TASK PROMPT - Give back an exact copy of the lines from the start of the material through the line bearing "# Esboço6 → Ressalto-extrusão3 (add)". Include both ends and nothing else.

RAW DATA -

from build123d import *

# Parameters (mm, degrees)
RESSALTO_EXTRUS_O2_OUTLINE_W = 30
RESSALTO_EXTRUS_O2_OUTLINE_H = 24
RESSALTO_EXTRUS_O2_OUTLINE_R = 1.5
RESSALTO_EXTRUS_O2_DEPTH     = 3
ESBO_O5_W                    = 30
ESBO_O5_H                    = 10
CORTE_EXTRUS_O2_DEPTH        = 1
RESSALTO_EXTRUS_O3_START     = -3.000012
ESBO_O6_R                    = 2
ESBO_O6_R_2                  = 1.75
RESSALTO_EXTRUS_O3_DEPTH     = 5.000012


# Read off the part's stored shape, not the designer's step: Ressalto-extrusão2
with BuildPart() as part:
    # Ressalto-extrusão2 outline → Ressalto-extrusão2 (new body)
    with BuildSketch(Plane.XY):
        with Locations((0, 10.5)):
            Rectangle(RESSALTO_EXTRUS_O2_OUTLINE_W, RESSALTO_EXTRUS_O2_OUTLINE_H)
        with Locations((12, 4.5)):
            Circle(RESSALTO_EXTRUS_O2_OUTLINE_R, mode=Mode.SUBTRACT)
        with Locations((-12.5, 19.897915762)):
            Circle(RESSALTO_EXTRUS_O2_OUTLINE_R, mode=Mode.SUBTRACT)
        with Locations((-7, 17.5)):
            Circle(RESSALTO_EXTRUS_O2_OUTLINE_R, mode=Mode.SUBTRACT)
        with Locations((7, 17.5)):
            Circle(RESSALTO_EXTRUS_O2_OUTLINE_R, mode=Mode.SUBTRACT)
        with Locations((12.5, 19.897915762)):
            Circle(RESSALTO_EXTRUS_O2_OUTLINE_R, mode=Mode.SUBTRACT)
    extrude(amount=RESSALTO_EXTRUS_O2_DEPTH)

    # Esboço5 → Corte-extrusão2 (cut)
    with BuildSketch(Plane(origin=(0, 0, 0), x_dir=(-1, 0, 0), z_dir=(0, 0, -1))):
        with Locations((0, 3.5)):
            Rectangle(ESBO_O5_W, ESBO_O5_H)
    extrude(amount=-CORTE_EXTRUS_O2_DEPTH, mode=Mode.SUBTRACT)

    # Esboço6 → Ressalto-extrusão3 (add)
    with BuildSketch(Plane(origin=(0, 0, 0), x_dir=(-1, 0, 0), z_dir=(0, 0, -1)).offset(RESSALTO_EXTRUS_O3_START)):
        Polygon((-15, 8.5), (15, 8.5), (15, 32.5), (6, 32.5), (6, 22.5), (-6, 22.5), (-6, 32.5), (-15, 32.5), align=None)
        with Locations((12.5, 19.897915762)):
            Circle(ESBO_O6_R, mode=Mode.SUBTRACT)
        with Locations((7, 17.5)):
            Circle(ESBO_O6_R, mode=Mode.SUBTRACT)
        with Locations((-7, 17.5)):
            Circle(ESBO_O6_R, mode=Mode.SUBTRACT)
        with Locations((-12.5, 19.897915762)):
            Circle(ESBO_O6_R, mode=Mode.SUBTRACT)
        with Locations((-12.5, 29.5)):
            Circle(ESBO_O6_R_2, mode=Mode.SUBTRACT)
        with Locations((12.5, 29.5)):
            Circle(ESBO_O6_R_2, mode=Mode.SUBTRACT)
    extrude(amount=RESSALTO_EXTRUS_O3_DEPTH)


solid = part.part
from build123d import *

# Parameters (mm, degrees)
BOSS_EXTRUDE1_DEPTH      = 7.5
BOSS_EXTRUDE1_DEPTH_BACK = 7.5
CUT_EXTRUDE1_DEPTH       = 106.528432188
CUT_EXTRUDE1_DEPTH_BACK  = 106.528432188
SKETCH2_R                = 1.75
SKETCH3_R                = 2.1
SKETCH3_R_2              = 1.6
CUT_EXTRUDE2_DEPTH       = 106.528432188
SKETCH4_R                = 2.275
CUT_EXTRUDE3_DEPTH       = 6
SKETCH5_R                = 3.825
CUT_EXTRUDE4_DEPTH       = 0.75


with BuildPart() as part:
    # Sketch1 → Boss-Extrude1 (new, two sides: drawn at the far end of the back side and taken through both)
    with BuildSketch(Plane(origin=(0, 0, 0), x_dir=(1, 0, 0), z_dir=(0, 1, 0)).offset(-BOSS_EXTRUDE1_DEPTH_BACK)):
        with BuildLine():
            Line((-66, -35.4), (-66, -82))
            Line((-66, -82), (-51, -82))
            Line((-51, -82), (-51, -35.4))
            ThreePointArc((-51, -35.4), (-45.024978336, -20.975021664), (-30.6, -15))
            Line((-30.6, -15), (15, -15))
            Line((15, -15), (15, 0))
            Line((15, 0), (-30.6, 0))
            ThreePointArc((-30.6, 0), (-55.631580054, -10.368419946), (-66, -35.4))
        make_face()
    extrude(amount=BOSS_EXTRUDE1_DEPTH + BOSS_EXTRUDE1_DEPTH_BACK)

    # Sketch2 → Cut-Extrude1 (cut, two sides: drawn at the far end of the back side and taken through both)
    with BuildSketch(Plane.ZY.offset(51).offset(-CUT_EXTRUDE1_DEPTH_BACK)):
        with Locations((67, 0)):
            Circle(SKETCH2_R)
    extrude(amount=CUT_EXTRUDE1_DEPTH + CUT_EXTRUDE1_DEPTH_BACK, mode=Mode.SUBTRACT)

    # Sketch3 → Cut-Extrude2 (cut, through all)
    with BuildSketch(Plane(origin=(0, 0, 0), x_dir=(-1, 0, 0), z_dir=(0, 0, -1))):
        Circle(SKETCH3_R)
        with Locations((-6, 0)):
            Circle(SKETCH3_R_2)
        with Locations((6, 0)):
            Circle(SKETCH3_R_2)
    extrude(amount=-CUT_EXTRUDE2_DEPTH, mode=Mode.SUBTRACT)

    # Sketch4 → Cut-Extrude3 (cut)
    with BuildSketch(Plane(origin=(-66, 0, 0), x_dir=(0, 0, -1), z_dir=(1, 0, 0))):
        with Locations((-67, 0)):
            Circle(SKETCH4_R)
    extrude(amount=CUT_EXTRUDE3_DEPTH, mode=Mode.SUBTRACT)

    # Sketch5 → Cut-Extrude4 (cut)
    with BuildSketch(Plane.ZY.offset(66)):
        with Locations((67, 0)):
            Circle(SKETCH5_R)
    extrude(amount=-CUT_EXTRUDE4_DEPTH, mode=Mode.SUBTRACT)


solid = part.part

TASK RESPONSE -
from build123d import *

# Parameters (mm, degrees)
RESSALTO_EXTRUS_O2_OUTLINE_W = 30
RESSALTO_EXTRUS_O2_OUTLINE_H = 24
RESSALTO_EXTRUS_O2_OUTLINE_R = 1.5
RESSALTO_EXTRUS_O2_DEPTH     = 3
ESBO_O5_W                    = 30
ESBO_O5_H                    = 10
CORTE_EXTRUS_O2_DEPTH        = 1
RESSALTO_EXTRUS_O3_START     = -3.000012
ESBO_O6_R                    = 2
ESBO_O6_R_2                  = 1.75
RESSALTO_EXTRUS_O3_DEPTH     = 5.000012


# Read off the part's stored shape, not the designer's step: Ressalto-extrusão2
with BuildPart() as part:
    # Ressalto-extrusão2 outline → Ressalto-extrusão2 (new body)
    with BuildSketch(Plane.XY):
        with Locations((0, 10.5)):
            Rectangle(RESSALTO_EXTRUS_O2_OUTLINE_W, RESSALTO_EXTRUS_O2_OUTLINE_H)
        with Locations((12, 4.5)):
            Circle(RESSALTO_EXTRUS_O2_OUTLINE_R, mode=Mode.SUBTRACT)
        with Locations((-12.5, 19.897915762)):
            Circle(RESSALTO_EXTRUS_O2_OUTLINE_R, mode=Mode.SUBTRACT)
        with Locations((-7, 17.5)):
            Circle(RESSALTO_EXTRUS_O2_OUTLINE_R, mode=Mode.SUBTRACT)
        with Locations((7, 17.5)):
            Circle(RESSALTO_EXTRUS_O2_OUTLINE_R, mode=Mode.SUBTRACT)
        with Locations((12.5, 19.897915762)):
            Circle(RESSALTO_EXTRUS_O2_OUTLINE_R, mode=Mode.SUBTRACT)
    extrude(amount=RESSALTO_EXTRUS_O2_DEPTH)

    # Esboço5 → Corte-extrusão2 (cut)
    with BuildSketch(Plane(origin=(0, 0, 0), x_dir=(-1, 0, 0), z_dir=(0, 0, -1))):
        with Locations((0, 3.5)):
            Rectangle(ESBO_O5_W, ESBO_O5_H)
    extrude(amount=-CORTE_EXTRUS_O2_DEPTH, mode=Mode.SUBTRACT)

    # Esboço6 → Ressalto-extrusão3 (add)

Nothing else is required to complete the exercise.